И, весело рассмеявшись, Марион бросилась бегом и, оставив позади разочарованного поклонника, легко перебежала через мостик и скоро скрылась за высокой стеной кустарника, окружающего цветник.
Расставшись с Марион, Генри Голтспер должен был чувствовать себя счастливейшим из людей. Прелестнейшая женщина во всем графстве – а для него в целом свете – призналась ему в любви и поклялась в верности. Казалось бы, он мог не сомневаться в своем счастье. Но он не чувствовал себя счастливым. Наоборот, он ехал с тяжелым сердцем после свидания со своей прелестной возлюбленной. Он знал, что этого свидания не должно было быть: Марион Уэд не могла быть его возлюбленной!
Отъехав шагов на пятьдесят, он повернулся в седле в надежде увидеть ее еще раз и оторваться хоть на минуту от своих тяжелых мыслей.
Лучше бы ему не оборачиваться!
Если до сих пор у него было тяжело на душе, то теперь то, что он увидел, заставило его почувствовать себя несчастнейшим из смертных. Марион шла по тропинке и уже начала подниматься вверх по склону. Ее светлое платье отчетливо выступало во мгле сумерек. Голтспер не отрываясь следил за ее движениями, восхищаясь царственной грацией и легкой, плавной походкой.

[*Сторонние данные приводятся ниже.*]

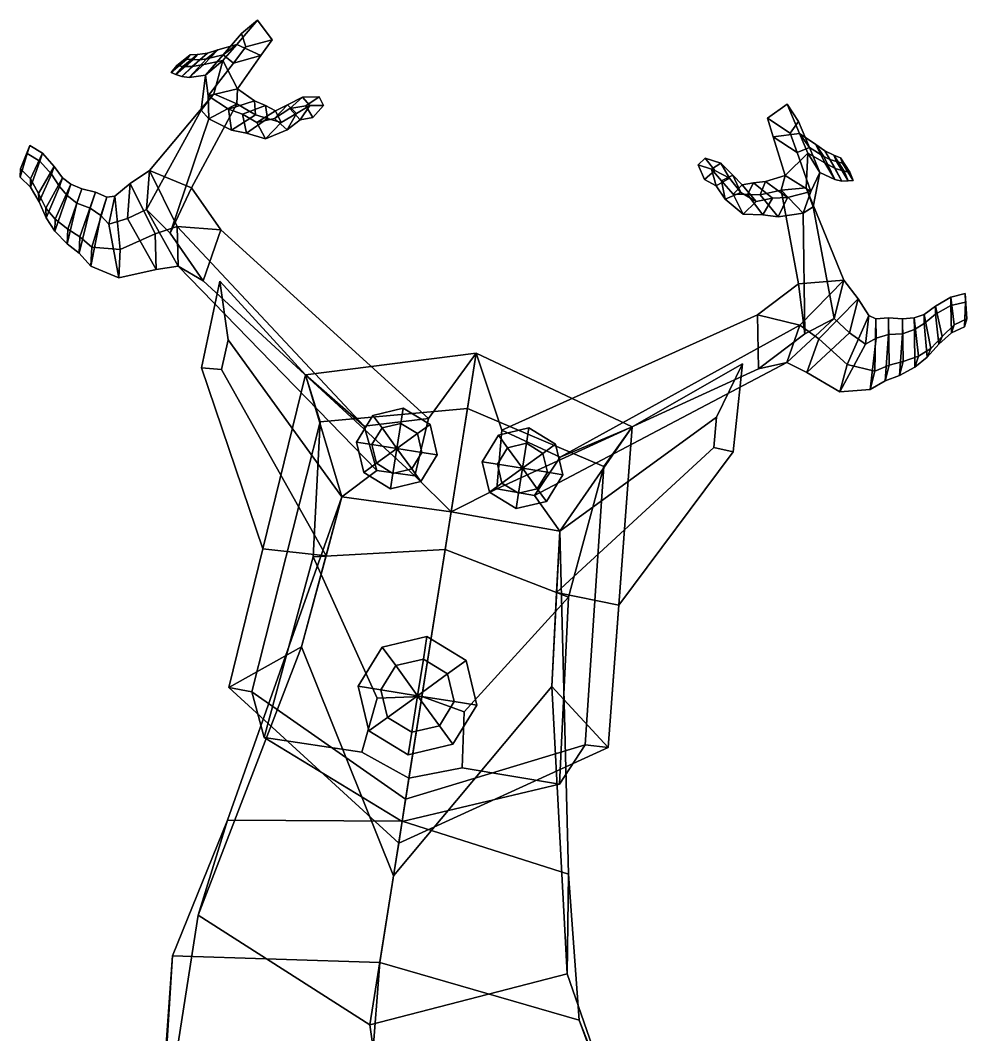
# Model space of a CAD drawing. Extents: x -85 to 160, y -151 to 334.
# Drawn here: x -80.6 to 95.2, y 145.4 to 333.8 of the extents above; entities that cross this region are included whole.
import ezdxf

# ---------------------------------------------------------------- set-up
doc = ezdxf.new("R2010")
doc.units = 0

msp = doc.modelspace()

# ---------------------------------------------------------------- linework, layer by layer
for points in [[(-40.366516, 329.357483, 159.270676), (-36.515244, 333.824829, 155.109482), (-39.523605, 331.392944, 154.282242), (-42.930344, 327.410889, 157.304489)], [(-40.366516, 329.357483, 159.270676), (-35.913486, 327.274597, 158.119354), (-33.834206, 330.221252, 155.623291), (-36.515244, 333.824829, 155.109482)], [(-36.515244, 333.824829, 155.109482), (-33.834206, 330.221252, 155.623291), (-38.68491, 328.865417, 154.196289), (-39.523605, 331.392944, 154.282242)], [(-42.930344, 327.410889, 157.304489), (-39.523605, 331.392944, 154.282242), (-38.68491, 328.865417, 154.196289), (-41.020782, 325.828979, 156.235153)], [(-35.913486, 327.274597, 158.119354), (-41.020782, 325.828979, 156.235153), (-38.68491, 328.865417, 154.196289), (-33.834206, 330.221252, 155.623291)], [(-46.5187, 325.581665, 159.145538), (-43.885128, 328.332764, 157.011887), (-45.811783, 327.722656, 155.684448), (-48.663761, 325.210022, 156.678818)], [(-43.885128, 328.332764, 157.011887), (-45.998688, 326.684753, 154.928192), (-47.178474, 326.486633, 153.247299), (-45.811783, 327.722656, 155.684448)], [(-42.954384, 326.355652, 162.066818), (-40.366516, 329.357483, 159.270676), (-43.885128, 328.332764, 157.011887), (-46.5187, 325.581665, 159.145538)], [(-40.366516, 329.357483, 159.270676), (-42.930344, 327.410889, 157.304489), (-45.998688, 326.684753, 154.928192), (-43.885128, 328.332764, 157.011887)], [(-40.260384, 321.114441, 163.33754), (-35.913486, 327.274597, 158.119354), (-40.366516, 329.357483, 159.270676), (-42.954384, 326.355652, 162.066818)], [(-52.536789, 324.133179, 145.541733), (-51.492737, 325.414185, 148.095551), (-49.017303, 327.411621, 147.995941), (-49.663235, 326.595764, 145.750504)], [(-48.499279, 326.519775, 149.456116), (-51.683838, 323.765076, 149.38765), (-52.536789, 324.133179, 145.541733), (-49.663235, 326.595764, 145.750504)], [(-47.178474, 326.486633, 153.247299), (-50.573204, 323.361755, 154.025375), (-51.683838, 323.765076, 149.38765), (-48.499279, 326.519775, 149.456116)], [(-50.419022, 325.231201, 152.157837), (-47.687317, 327.462463, 151.908356), (-49.017303, 327.411621, 147.995941), (-51.492737, 325.414185, 148.095551)], [(-45.998688, 326.684753, 154.928192), (-49.245335, 323.220764, 157.047318), (-50.573204, 323.361755, 154.025375), (-47.178474, 326.486633, 153.247299)], [(-48.663761, 325.210022, 156.678818), (-45.811783, 327.722656, 155.684448), (-47.687317, 327.462463, 151.908356), (-50.419022, 325.231201, 152.157837)], [(-47.687317, 327.462463, 151.908356), (-48.499279, 326.519775, 149.456116), (-49.663235, 326.595764, 145.750504), (-49.017303, 327.411621, 147.995941)], [(-42.930344, 327.410889, 157.304489), (-46.183475, 323.608398, 160.190475), (-49.245335, 323.220764, 157.047318), (-45.998688, 326.684753, 154.928192)], [(-46.183475, 323.608398, 160.190475), (-42.954384, 326.355652, 162.066818), (-46.5187, 325.581665, 159.145538), (-49.245335, 323.220764, 157.047318)], [(-45.811783, 327.722656, 155.684448), (-47.178474, 326.486633, 153.247299), (-48.499279, 326.519775, 149.456116), (-47.687317, 327.462463, 151.908356)], [(-44.640518, 320.139709, 166.672806), (-42.954384, 326.355652, 162.066818), (-46.183475, 323.608398, 160.190475), (-46.965546, 317.148743, 163.865402)], [(-45.689674, 319.759827, 160.31041), (-46.183475, 323.608398, 160.190475), (-42.930344, 327.410889, 157.304489), (-41.020782, 325.828979, 156.235153)], [(-40.260384, 321.114441, 163.33754), (-45.689674, 319.759827, 160.31041), (-41.020782, 325.828979, 156.235153), (-35.913486, 327.274597, 158.119354)], [(-44.640518, 320.139709, 166.672806), (-40.371658, 318.304871, 165.704422), (-40.260384, 321.114441, 163.33754), (-42.954384, 326.355652, 162.066818)], [(-51.683838, 323.765076, 149.38765), (-50.419022, 325.231201, 152.157837), (-51.492737, 325.414185, 148.095551), (-52.536789, 324.133179, 145.541733)], [(-50.573204, 323.361755, 154.025375), (-48.663761, 325.210022, 156.678818), (-50.419022, 325.231201, 152.157837), (-51.683838, 323.765076, 149.38765)], [(-49.245335, 323.220764, 157.047318), (-46.5187, 325.581665, 159.145538), (-48.663761, 325.210022, 156.678818), (-50.573204, 323.361755, 154.025375)], [(-46.965546, 317.148743, 163.865402), (-46.183475, 323.608398, 160.190475), (-45.689674, 319.759827, 160.31041), (-45.579815, 315.491516, 162.663803)], [(-45.689674, 319.759827, 160.31041), (-40.260384, 321.114441, 163.33754), (-37.118652, 318.886719, 161.896896), (-41.918179, 317.313965, 159.199417)], [(-40.260384, 321.114441, 163.33754), (-40.371658, 318.304871, 165.704422), (-36.905861, 316.25, 163.882813), (-37.118652, 318.886719, 161.896896)], [(-57.121502, 298.664978, 175.080994), (-56.597004, 305.933716, 178.111237), (-44.640518, 320.139709, 166.672806), (-46.965546, 317.148743, 163.865402)], [(-56.597004, 305.933716, 178.111237), (-48.807178, 302.710632, 179.878311), (-40.371658, 318.304871, 165.704422), (-44.640518, 320.139709, 166.672806)], [(-45.579815, 315.491516, 162.663803), (-45.689674, 319.759827, 160.31041), (-41.918179, 317.313965, 159.199417), (-41.37249, 313.394836, 161.095581)], [(-41.918179, 317.313965, 159.199417), (-37.118652, 318.886719, 161.896896), (-35.060947, 318.003479, 160.778137), (-39.31023, 316.381226, 158.355774)], [(-37.118652, 318.886719, 161.896896), (-36.905861, 316.25, 163.882813), (-34.678974, 315.586182, 162.47319), (-35.060947, 318.003479, 160.778137)], [(-33.393513, 315.582764, 155.972305), (-30.958395, 318.123779, 158.216629), (-28.15222, 319.572815, 156.272308), (-30.549459, 317.427063, 154.332703)], [(-30.958395, 318.123779, 158.216629), (-29.296492, 316.478455, 158.804626), (-26.846056, 317.968445, 156.92804), (-28.15222, 319.572815, 156.272308)], [(-30.549459, 317.427063, 154.332703), (-28.15222, 319.572815, 156.272308), (-25.096937, 319.592896, 154.506088), (-27.545731, 317.945068, 152.856903)], [(-28.15222, 319.572815, 156.272308), (-26.846056, 317.968445, 156.92804), (-24.255957, 318.01947, 155.301208), (-25.096937, 319.592896, 154.506088)], [(-26.246462, 315.776917, 153.426025), (-27.545731, 317.945068, 152.856903), (-25.096937, 319.592896, 154.506088), (-24.255957, 318.01947, 155.301208)], [(-57.121502, 298.664978, 175.080994), (-46.965546, 317.148743, 163.865402), (-45.579815, 315.491516, 162.663803), (-52.770657, 294.253296, 175.052292)], [(-52.770657, 294.253296, 175.052292), (-45.579815, 315.491516, 162.663803), (-40.371658, 318.304871, 165.704422), (-48.807178, 302.710632, 179.878311)], [(-40.371658, 318.304871, 165.704422), (-45.579815, 315.491516, 162.663803), (-41.37249, 313.394836, 161.095581), (-36.905861, 316.25, 163.882813)], [(-41.37249, 313.394836, 161.095581), (-41.918179, 317.313965, 159.199417), (-39.31023, 316.381226, 158.355774), (-38.551319, 312.836914, 159.923248)], [(-39.31023, 316.381226, 158.355774), (-35.060947, 318.003479, 160.778137), (-33.176262, 317.000916, 159.796799), (-36.631985, 314.86377, 157.560501)], [(-36.631985, 314.86377, 157.560501), (-33.176262, 317.000916, 159.796799), (-30.958395, 318.123779, 158.216629), (-33.393513, 315.582764, 155.972305)], [(-35.060947, 318.003479, 160.778137), (-34.678974, 315.586182, 162.47319), (-32.156754, 314.815552, 160.964508), (-33.176262, 317.000916, 159.796799)], [(-30.997452, 313.470032, 156.136383), (-33.393513, 315.582764, 155.972305), (-30.549459, 317.427063, 154.332703), (-28.627342, 315.307556, 154.650299)], [(-33.176262, 317.000916, 159.796799), (-32.156754, 314.815552, 160.964508), (-29.296492, 316.478455, 158.804626), (-30.958395, 318.123779, 158.216629)], [(-29.296492, 316.478455, 158.804626), (-30.997452, 313.470032, 156.136383), (-28.627342, 315.307556, 154.650299), (-26.846056, 317.968445, 156.92804)], [(-28.627342, 315.307556, 154.650299), (-30.549459, 317.427063, 154.332703), (-27.545731, 317.945068, 152.856903), (-26.246462, 315.776917, 153.426025)], [(-26.846056, 317.968445, 156.92804), (-28.627342, 315.307556, 154.650299), (-26.246462, 315.776917, 153.426025), (-24.255957, 318.01947, 155.301208)], [(61.847382, 318.245728, 155.109482), (63.957012, 315.003235, 154.282242), (62.378304, 312.858521, 154.196289), (58.183983, 315.646973, 155.623291)], [(64.129669, 312.806885, 159.270676), (61.847382, 318.245728, 155.109482), (58.183983, 315.646973, 155.623291), (59.250946, 312.202026, 158.119354)], [(64.129669, 312.806885, 159.270676), (65.966492, 310.16333, 157.304489), (63.957012, 315.003235, 154.282242), (61.847382, 318.245728, 155.109482)], [(-36.905861, 316.25, 163.882813), (-41.37249, 313.394836, 161.095581), (-38.551319, 312.836914, 159.923248), (-34.678974, 315.586182, 162.47319)], [(-38.551319, 312.836914, 159.923248), (-39.31023, 316.381226, 158.355774), (-36.631985, 314.86377, 157.560501), (-35.027096, 311.819946, 158.450058)], [(-34.678974, 315.586182, 162.47319), (-38.551319, 312.836914, 159.923248), (-35.027096, 311.819946, 158.450058), (-32.156754, 314.815552, 160.964508)], [(-35.027096, 311.819946, 158.450058), (-36.631985, 314.86377, 157.560501), (-33.393513, 315.582764, 155.972305), (-30.997452, 313.470032, 156.136383)], [(-32.156754, 314.815552, 160.964508), (-35.027096, 311.819946, 158.450058), (-30.997452, 313.470032, 156.136383), (-29.296492, 316.478455, 158.804626)], [(59.250946, 312.202026, 158.119354), (58.183983, 315.646973, 155.623291), (62.378304, 312.858521, 154.196289), (63.661537, 309.248901, 156.235153)], [(65.966492, 310.16333, 157.304489), (63.661537, 309.248901, 156.235153), (62.378304, 312.858521, 154.196289), (63.957012, 315.003235, 154.282242)], [(61.481487, 305.000061, 163.33754), (65.663261, 309.152283, 162.066818), (64.129669, 312.806885, 159.270676), (59.250946, 312.202026, 158.119354)], [(61.481487, 305.000061, 163.33754), (59.250946, 312.202026, 158.119354), (63.661537, 309.248901, 156.235153), (66.226448, 302.033997, 160.31041)], [(65.663261, 309.152283, 162.066818), (68.813957, 307.314758, 159.145538), (67.159416, 310.745056, 157.011887), (64.129669, 312.806885, 159.270676)], [(64.129669, 312.806885, 159.270676), (67.159416, 310.745056, 157.011887), (68.660255, 308.524536, 154.928192), (65.966492, 310.16333, 157.304489)], [(-80.526314, 306.19873, 152.071457), (-78.832047, 310.565491, 151.651016), (-79.339554, 309.086243, 149.386627), (-80.584892, 304.6521, 149.515549)], [(-76.961662, 307.63855, 152.466476), (-78.683884, 302.822144, 152.253891), (-80.584892, 304.6521, 149.515549), (-79.339554, 309.086243, 149.386627)], [(-78.688118, 304.386536, 155.182205), (-76.453209, 309.109009, 155.098755), (-78.832047, 310.565491, 151.651016), (-80.526314, 306.19873, 152.071457)], [(-76.453209, 309.109009, 155.098755), (-76.961662, 307.63855, 152.466476), (-79.339554, 309.086243, 149.386627), (-78.832047, 310.565491, 151.651016)], [(-77.202538, 301.641052, 158.887222), (-74.298187, 306.648682, 159.330444), (-76.453209, 309.109009, 155.098755), (-78.688118, 304.386536, 155.182205)], [(-74.298187, 306.648682, 159.330444), (-74.760086, 305.249573, 156.269089), (-76.961662, 307.63855, 152.466476), (-76.453209, 309.109009, 155.098755)], [(65.346046, 302.719604, 166.672806), (65.663261, 309.152283, 162.066818), (61.481487, 305.000061, 163.33754), (60.719124, 302.29364, 165.704422)], [(66.226448, 302.033997, 160.31041), (63.661537, 309.248901, 156.235153), (65.966492, 310.16333, 157.304489), (67.885376, 305.541687, 160.190475)], [(65.346046, 302.719604, 166.672806), (66.633018, 299.156555, 163.865402), (67.885376, 305.541687, 160.190475), (65.663261, 309.152283, 162.066818)], [(67.885376, 305.541687, 160.190475), (70.677574, 304.226868, 157.047318), (68.813957, 307.314758, 159.145538), (65.663261, 309.152283, 162.066818)], [(65.966492, 310.16333, 157.304489), (68.660255, 308.524536, 154.928192), (70.677574, 304.226868, 157.047318), (67.885376, 305.541687, 160.190475)], [(68.813957, 307.314758, 159.145538), (70.739174, 306.298401, 156.678818), (68.803238, 309.569397, 155.684448), (67.159416, 310.745056, 157.011887)], [(67.159416, 310.745056, 157.011887), (68.803238, 309.569397, 155.684448), (69.721092, 307.971558, 153.247299), (68.660255, 308.524536, 154.928192)], [(70.739174, 306.298401, 156.678818), (72.415077, 305.776184, 152.157837), (70.506584, 308.742432, 151.908356), (68.803238, 309.569397, 155.684448)], [(68.803238, 309.569397, 155.684448), (70.506584, 308.742432, 151.908356), (70.987488, 307.59491, 149.456116), (69.721092, 307.971558, 153.247299)], [(-74.760086, 305.249573, 156.269089), (-77.080811, 300.108521, 155.533981), (-78.683884, 302.822144, 152.253891), (-76.961662, 307.63855, 152.466476)], [(46.504074, 304.254333, 153.426025), (45.303986, 307.002258, 155.301208), (46.590008, 308.23877, 154.506088), (48.409756, 305.914917, 152.856903)], [(49.489548, 307.275513, 156.272308), (46.590008, 308.23877, 154.506088), (45.303986, 307.002258, 155.301208), (47.75153, 306.15332, 156.92804)], [(51.106396, 304.494019, 154.332703), (48.409756, 305.914917, 152.856903), (46.590008, 308.23877, 154.506088), (49.489548, 307.275513, 156.272308)], [(51.710602, 305.030273, 158.216629), (49.489548, 307.275513, 156.272308), (47.75153, 306.15332, 156.92804), (49.621601, 303.979004, 158.804626)], [(53.241341, 301.861206, 155.972305), (51.106396, 304.494019, 154.332703), (49.489548, 307.275513, 156.272308), (51.710602, 305.030273, 158.216629)], [(68.660255, 308.524536, 154.928192), (69.721092, 307.971558, 153.247299), (71.984032, 303.950623, 154.025375), (70.677574, 304.226868, 157.047318)], [(70.677574, 304.226868, 157.047318), (71.984032, 303.950623, 154.025375), (70.739174, 306.298401, 156.678818), (68.813957, 307.314758, 159.145538)], [(69.721092, 307.971558, 153.247299), (70.987488, 307.59491, 149.456116), (73.16494, 303.990967, 149.38765), (71.984032, 303.950623, 154.025375)], [(72.415077, 305.776184, 152.157837), (73.492783, 305.618408, 148.095551), (71.755753, 308.28302, 147.995941), (70.506584, 308.742432, 151.908356)], [(70.506584, 308.742432, 151.908356), (71.755753, 308.28302, 147.995941), (72.117966, 307.307495, 145.750504), (70.987488, 307.59491, 149.456116)], [(70.987488, 307.59491, 149.456116), (72.117966, 307.307495, 145.750504), (74.08989, 304.077515, 145.541733), (73.16494, 303.990967, 149.38765)], [(74.08989, 304.077515, 145.541733), (72.117966, 307.307495, 145.750504), (71.755753, 308.28302, 147.995941), (73.492783, 305.618408, 148.095551)], [(-78.683884, 302.822144, 152.253891), (-78.688118, 304.386536, 155.182205), (-80.526314, 306.19873, 152.071457), (-80.584892, 304.6521, 149.515549)], [(-75.872421, 298.90094, 162.478989), (-72.735191, 304.525635, 162.84848), (-74.298187, 306.648682, 159.330444), (-77.202538, 301.641052, 158.887222)], [(-72.735191, 304.525635, 162.84848), (-73.274513, 302.917786, 159.475861), (-74.760086, 305.249573, 156.269089), (-74.298187, 306.648682, 159.330444)], [(-56.597004, 305.933716, 178.111237), (-57.121502, 298.664978, 175.080994), (-60.666031, 296.974548, 174.039261), (-60.198105, 303.51886, 176.761063)], [(-51.445446, 295.508362, 184.943741), (-56.597004, 305.933716, 178.111237), (-60.198105, 303.51886, 176.761063), (-55.546486, 294.145569, 182.913177)], [(-51.445446, 295.508362, 184.943741), (-43.345573, 294.884216, 185.339783), (-48.807178, 302.710632, 179.878311), (-56.597004, 305.933716, 178.111237)], [(47.75153, 306.15332, 156.92804), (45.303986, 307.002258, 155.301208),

Марион шла быстрым шагом и была уже на полпути к дому, как вдруг кто-то вышел из-за деревьев и направился вслед за ней.
Через несколько секунд незнакомец поравнялся с Марион, и они пошли рядом. Голтсперу, который наблюдал за ними издалека, казалось, что они ведут оживленную беседу.
Незнакомец был в светлой одежде, с красной перевязью через плечо и в высокой шляпе с султаном из страусовых перьев.
Это не мог быть брат Марион: Уолтер был гораздо ниже ростом. Не мог быть и ее отец: сэр Мармадьюк всегда ходил в черном.
Когда аллея, поднимавшаяся по склону холма между двумя рядами каштанов, кончилась, достигнув вершины, и Марион со своим спутником вышла на открытое место, Голтспер тотчас же узнал незнакомца.
Это был Скэрти!
Это открытие больно задело его.
– Он, по-видимому, подстерегал, когда она пройдет. Ведь не зря же он прятался за деревьями! Что мне делать? Поскакать туда? Ведь опасно оставлять ее наедине с ним. Мерзавец! – вскричал он, приподнявшись на стременах и грозя кулаком в спину капитана кирасиров. – Если только я узнаю, что ты посмел оскорбить ее словом или взглядом, я разделаюсь с тобой не так, как вчера, а много хуже! Какое ужасное зрелище! – бормотал он, глядя вслед удаляющейся паре. – Волк рядом с овечкой!.. Но что это? Он нагибается к ней, и она поворачивает к нему голову и, кажется, довольна? Боже мой! Возможно ли это?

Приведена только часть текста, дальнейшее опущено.